About this exercise >>
In the records that follow, find each line containing "none" and copy it.

Input records >>
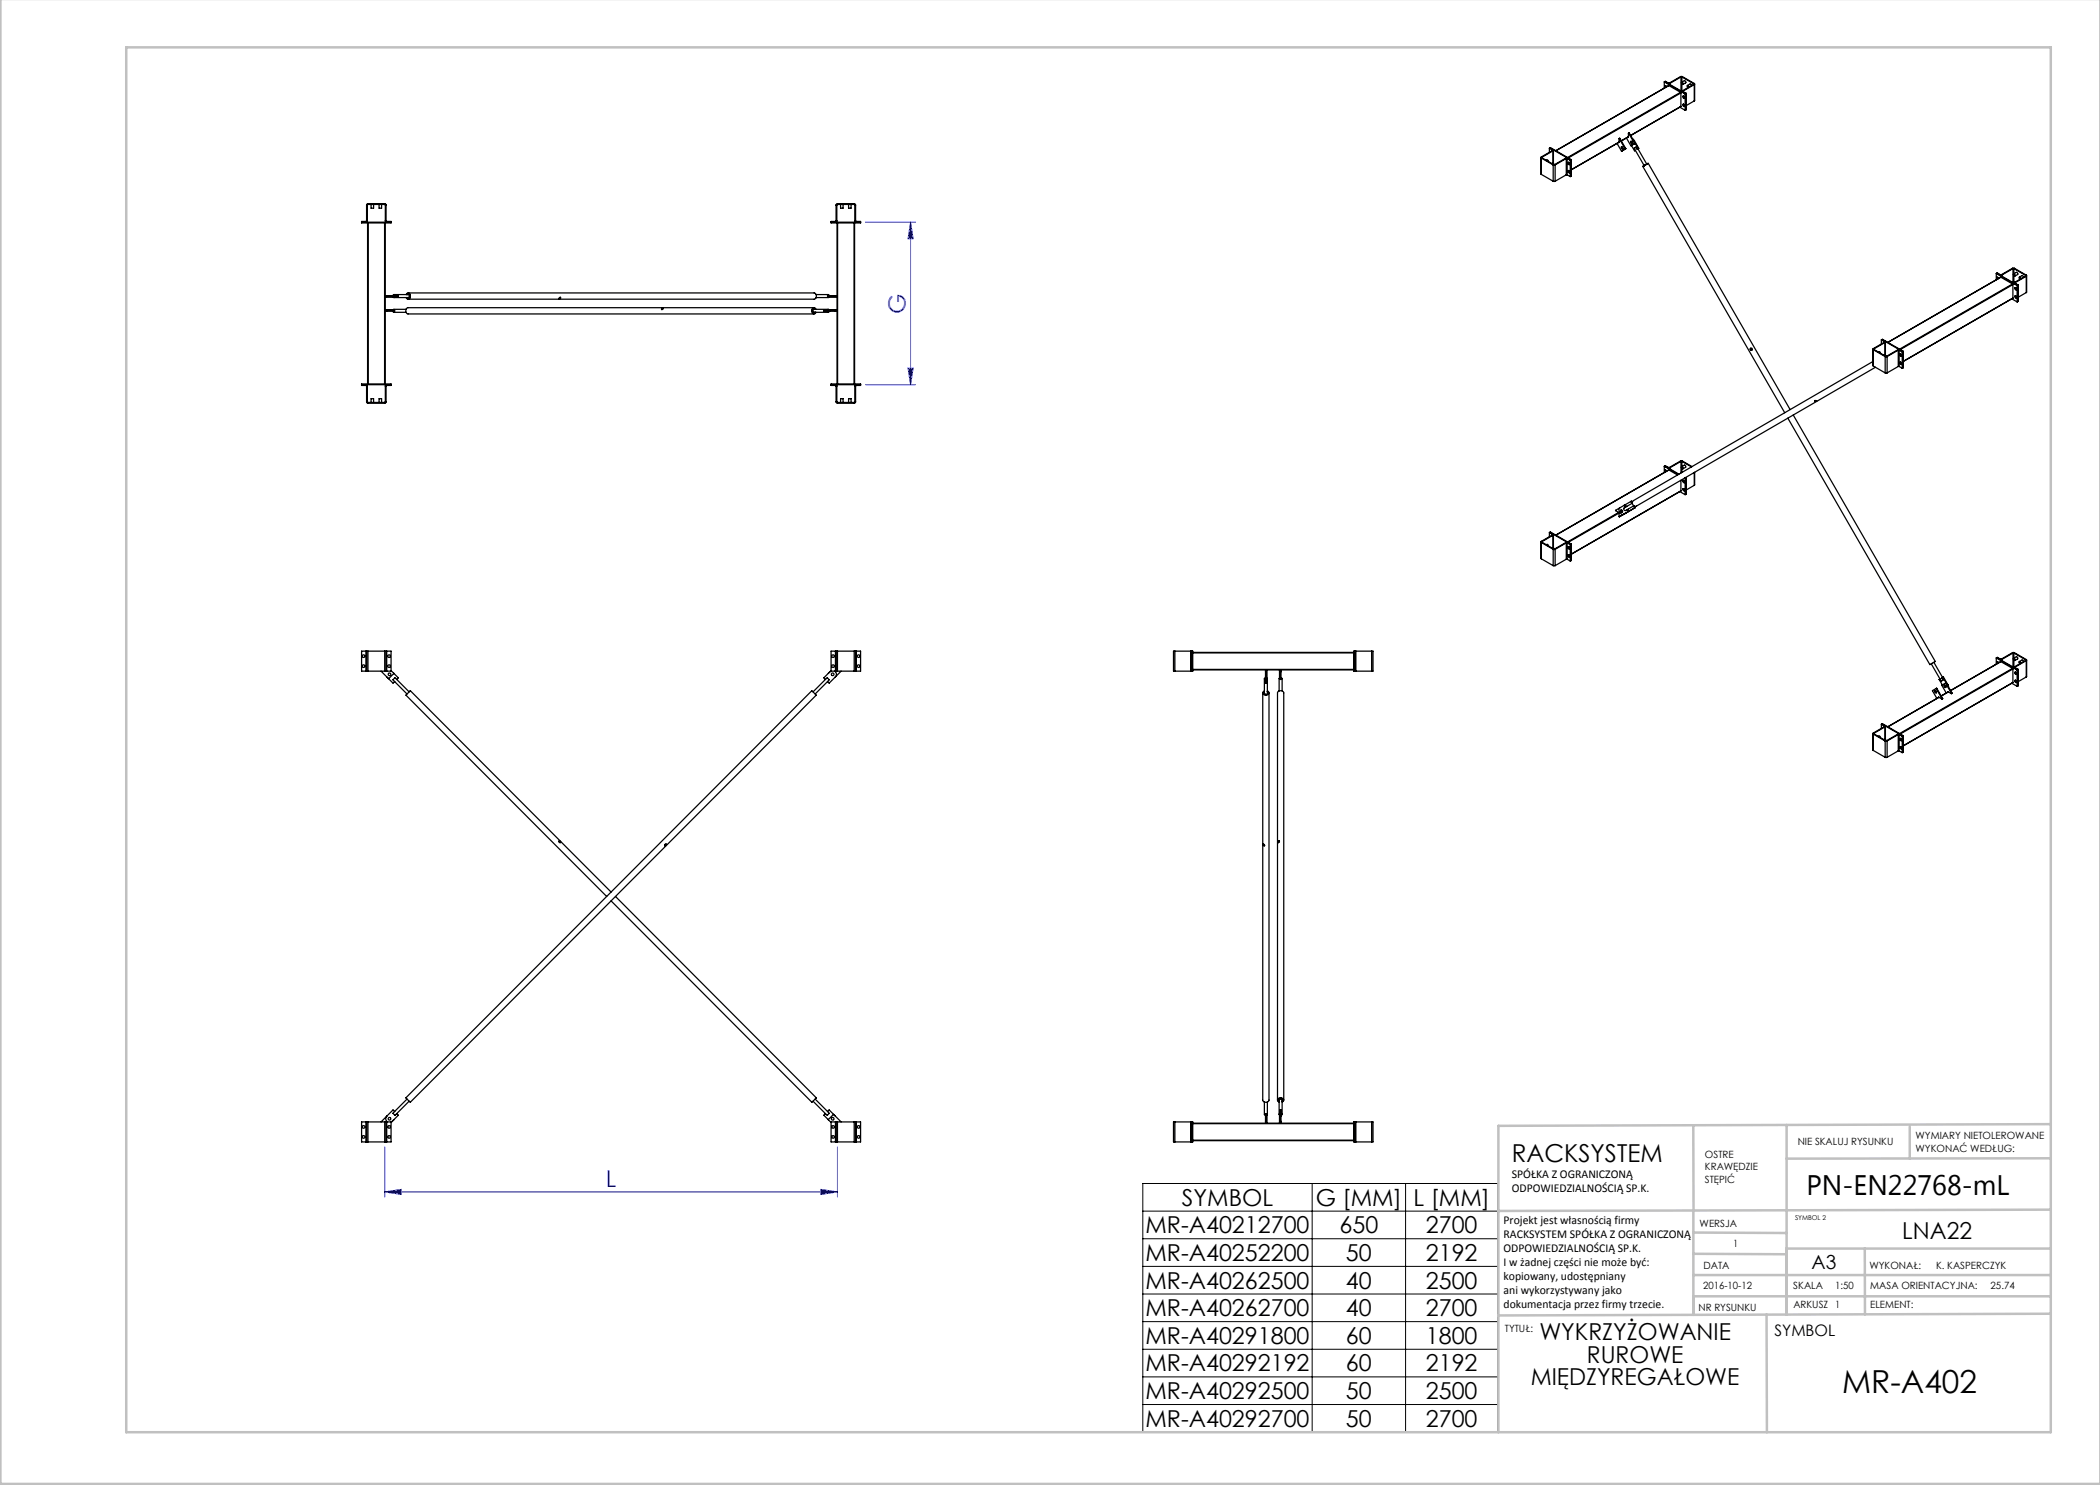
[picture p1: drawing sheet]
<svg xmlns="http://www.w3.org/2000/svg" width="420mm" height="297mm" viewBox="0 0 420 297" stroke-linecap="round" stroke-linejoin="round" font-family="sans-serif">
<path d="M173.1 44.4h10M182.1 44.4l.5 3.3h-1zM182.1 44.4v32.5M173.1 76.9h10M181.6 73.6h1l-.5 3.3zM76.9 238.4l3.3-.5v1zM76.9 229.4v10M76.9 238.4h90.6M164.2 237.9l3.3 .5-3.3 .5zM167.5 229.4v10" fill="none" stroke="#00f" stroke-width=".2"/>
<path d="M228.6 236.7h71v49.7h-71zM262.4 236.7v49.7M281.1 236.7v49.7M228.6 242.2h71M228.6 247.8h71M228.6 253.3h71M228.6 258.8h71M228.6 264.3h71M228.6 269.9h71M228.6 275.4h71M228.6 280.9h71" fill="none" stroke="#000" stroke-width=".2"/>
<g fill="none" stroke="#c0c0c0" stroke-width=".5">
<path d="M.1 -.1v296.9h419.9M25.2 9.5h385v276.9h-385zM338.7 225.2v16.9M357.3 225v37.9M382 225.4v6.3M410.1 224.8l-110.4 .4v61.2M410.1 231.7h-52.8M338.7 259.3h71.5M338.7 255h71.5M338.7 250.8l18.6 .1M338.7 246.5l18.6 .1M338.7 242.1v20.9"/>
<path d="M373 249.7v13.2M410.1 241.9l-110.4 .3M410.2 249.7h-52.9v13.2M353.3 262.9l.1 23.5M410.2 262.7l-110.5 .4"/>
</g>
<g fill="#00f">
<path d="M76.9 238.4l3.3-.5v1zM164.2 237.9l3.3 .5-3.3 .5z"/>
<path d="M181.6 73.6h1l-.5 3.3zM182.1 44.4l.5 3.3h-1z"/>
</g>
<g fill="none" stroke="#000" stroke-width=".25">
<path d="M332.9 16.4v1.2M332.9 16.4l4.1 2.4M333 16.3l4.1 2.4M333 16.3l.7 .3M333 16.3l-.1 .1M333.1 17.1l.1 .3M333.2 17.2l.1 .2M333.3 17.4a.2 .2 0 0 0-.1-.3 .2 .2 0 0 0-.3 .2 .2 .2 0 0 0 .2 .2M333.7 16.6l-.1 .1h.4M333.7 16.6h.2M333.7 17.1h.1M333.8 17.1l-22.6 13"/>
<path d="M333.8 17.1l2.3 1.4M333.9 16.6l.1 .1M334 16.7v.2M336.1 15.3h.4M336.1 15.3l-2.2 1.3M336.1 15.3l.1 .1M336.1 18.5l.1 .1M336.1 18.5l-22.6 13M336.2 18.6v2.7M336.2 18.6l-22.5 13M336.2 15.4h.2M336.2 15.4l-2.2 1.3"/>
<path d="M336.2 15.4v2.8M336.3 16.5a.21 .21 0 0 1 .3 .1 .21 .21 0 0 1-.2 .2zM336.3 16.4l.6-.3 .2 .2v.3l-.5 .3M336.4 15.4l2.3 1.4M336.4 15.4v1M336.4 16.8v1.5M336.4 18.3h.1M336.5 15.3l2.4 1.4M336.5 15.3l-.1 .1M336.5 18.1v.2h.1M336.5 18.1l.1 .1M336.6 19.2a.22 .22 0 0 1 .3 .2 .22 .22 0 0 1-.2 .3z"/>
<path d="M336.6 18.2v.1M336.6 18.3l.6 .4M336.7 19.2l.2 .4M336.8 19.2l.1 .3M337 18.8v3.3M337.1 18.7v3.3M337.1 18.7l-.1 .1M337.2 18.7h-.1M337.2 18.7v3.2l-.2 .2M337.5 17.1l.6-.3 .2 .3M337.8 17.4a.22 .22 0 0 0-.2-.3 .22 .22 0 0 0-.3 .2 .22 .22 0 0 0 .3 .2M338.7 16.8v.1"/>
<path d="M338.7 16.9l-2.2 1.2M338.7 16.9h.2M338.9 16.7v.2M338.9 16.9l-2.3 1.3M338.9 16.9v3.3M338.9 16.7l-.2 .1M338.9 16.8v3.4M308.2 31.5l.1 3.4M308.3 31.4v.2M308.3 31.4l.1 .1M308.3 34.9l2.3 1.3M308.3 31.6v3.3"/>
<path d="M308.3 31.6l2.3 1.4M308.4 31.5v.1M308.4 31.6h-.1M308.4 31.6l2.3 1.3M309.3 32.1l.2-.1 .2 .3M309.9 29.6l.6 .4M309.9 29.6v.9M310 29.6l4.2 2.4M310 29.6h-.1M310 29.6l.1-.1 4.2 2.4M310.4 32.7h.3l.1 .2M310.5 30h.2l-.1 .2"/>
<path d="M310.5 30v.1M310.5 30.1l.1 .1M310.5 30.1l-2.2 1.3M310.6 30.2l-2.2 1.3M310.6 30.2v2.4M310.6 33h.4M310.6 36.2h.4M310.6 33v3.2M310.7 30.1v2.6M310.7 32.9h.2M310.7 32.9l-.1 .1M310.9 32.9l.1 .1"/>
<path d="M311 33v3.2M313.1 31.6h.4l-.1 .1M313.1 31.6l-2.2 1.3M313.1 31.6l.2 .1M313.3 31.7h.1M313.3 35h.1M313.3 35l-2.3 1.2M313.3 31.7l-2.3 1.3M313.3 31.7v3.3M313.4 31.7l.6 .4M313.4 35l.6 .3M313.4 31.7v3.3"/>
<path d="M313.6 34.1a.22 .22 0 0 1 .3 .2 .22 .22 0 0 1-.1 .3zM313.6 32.5a.22 .22 0 0 1 .3 .1 .22 .22 0 0 1-.1 .3zM313.7 32.5l.2 .4M313.7 34.1l.2 .4M313.8 32.5l.1 .3M313.8 34.1l.1 .3M313.9 34.2h-.1M314 32.1v3.2M314.2 32l-.2 .1M314.2 32v3.3M314.2 35.3h-.2M314.3 31.9v3.3l-.1 .1"/>
<path d="M314.3 31.9l-.1 .1M323.4 28.7l.9 1.5M323.8 28.4l-9.5 5.6M323.9 27.7l-.1 .8M323.9 27.7l1.1 2.1M324 27.7h-.2M324 27.7h-.1M324 27.7l1.1 2M324.4 29.3l.2 .5M325 29.8l-.7 .4M325.1 29.7l-.8 .5M325.1 29.7l-.1 .1"/>
<path d="M325.3 27.6l.9 1.5 .7-.4M325.7 26.7h.1M325.7 27.3l-1.4 .9M325.7 26.7l-.1 .7M325.7 26.7l1.2 2M325.8 26.6h-.1M325.8 26.6l1.9 3.1M325.8 26.6l-.1 .1M326.1 27.1l10.1-5.8zM326.2 28.3l.3 .4M326.3 28.3l.2 .3M326.5 27.8l.4 .4"/>
<path d="M326.8 29.6l2 3.5M326.8 29.6l.4-.2zM326.9 28.2l.9 1.5-.4 .2-.2-.5M326.9 28.2h-.1M326.9 28.7l.1-.1-.7 .5 .6 1.1 .2-.1M327.6 29.8l1.8 3M328.6 33.3l28.3 49.2M328.7 33.2h.1M328.8 33.1l-.1 .1M329 33l-.4 .3 .2-.2M329 33l-.4 .2 .2-.1M329.4 32.8l.2-.1-.6 .3"/>
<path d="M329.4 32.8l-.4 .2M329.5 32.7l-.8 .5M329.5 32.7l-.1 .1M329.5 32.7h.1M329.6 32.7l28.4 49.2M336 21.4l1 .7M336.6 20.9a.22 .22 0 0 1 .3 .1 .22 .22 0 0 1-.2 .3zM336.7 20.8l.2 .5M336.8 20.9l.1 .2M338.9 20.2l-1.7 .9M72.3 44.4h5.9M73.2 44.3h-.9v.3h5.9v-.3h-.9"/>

Exercise solution >>
<path d="M173.1 44.4h10M182.1 44.4l.5 3.3h-1zM182.1 44.4v32.5M173.1 76.9h10M181.6 73.6h1l-.5 3.3zM76.9 238.4l3.3-.5v1zM76.9 229.4v10M76.9 238.4h90.6M164.2 237.9l3.3 .5-3.3 .5zM167.5 229.4v10" fill="none" stroke="#00f" stroke-width=".2"/>
<path d="M228.6 236.7h71v49.7h-71zM262.4 236.7v49.7M281.1 236.7v49.7M228.6 242.2h71M228.6 247.8h71M228.6 253.3h71M228.6 258.8h71M228.6 264.3h71M228.6 269.9h71M228.6 275.4h71M228.6 280.9h71" fill="none" stroke="#000" stroke-width=".2"/>
<g fill="none" stroke="#c0c0c0" stroke-width=".5">
<g fill="none" stroke="#000" stroke-width=".25">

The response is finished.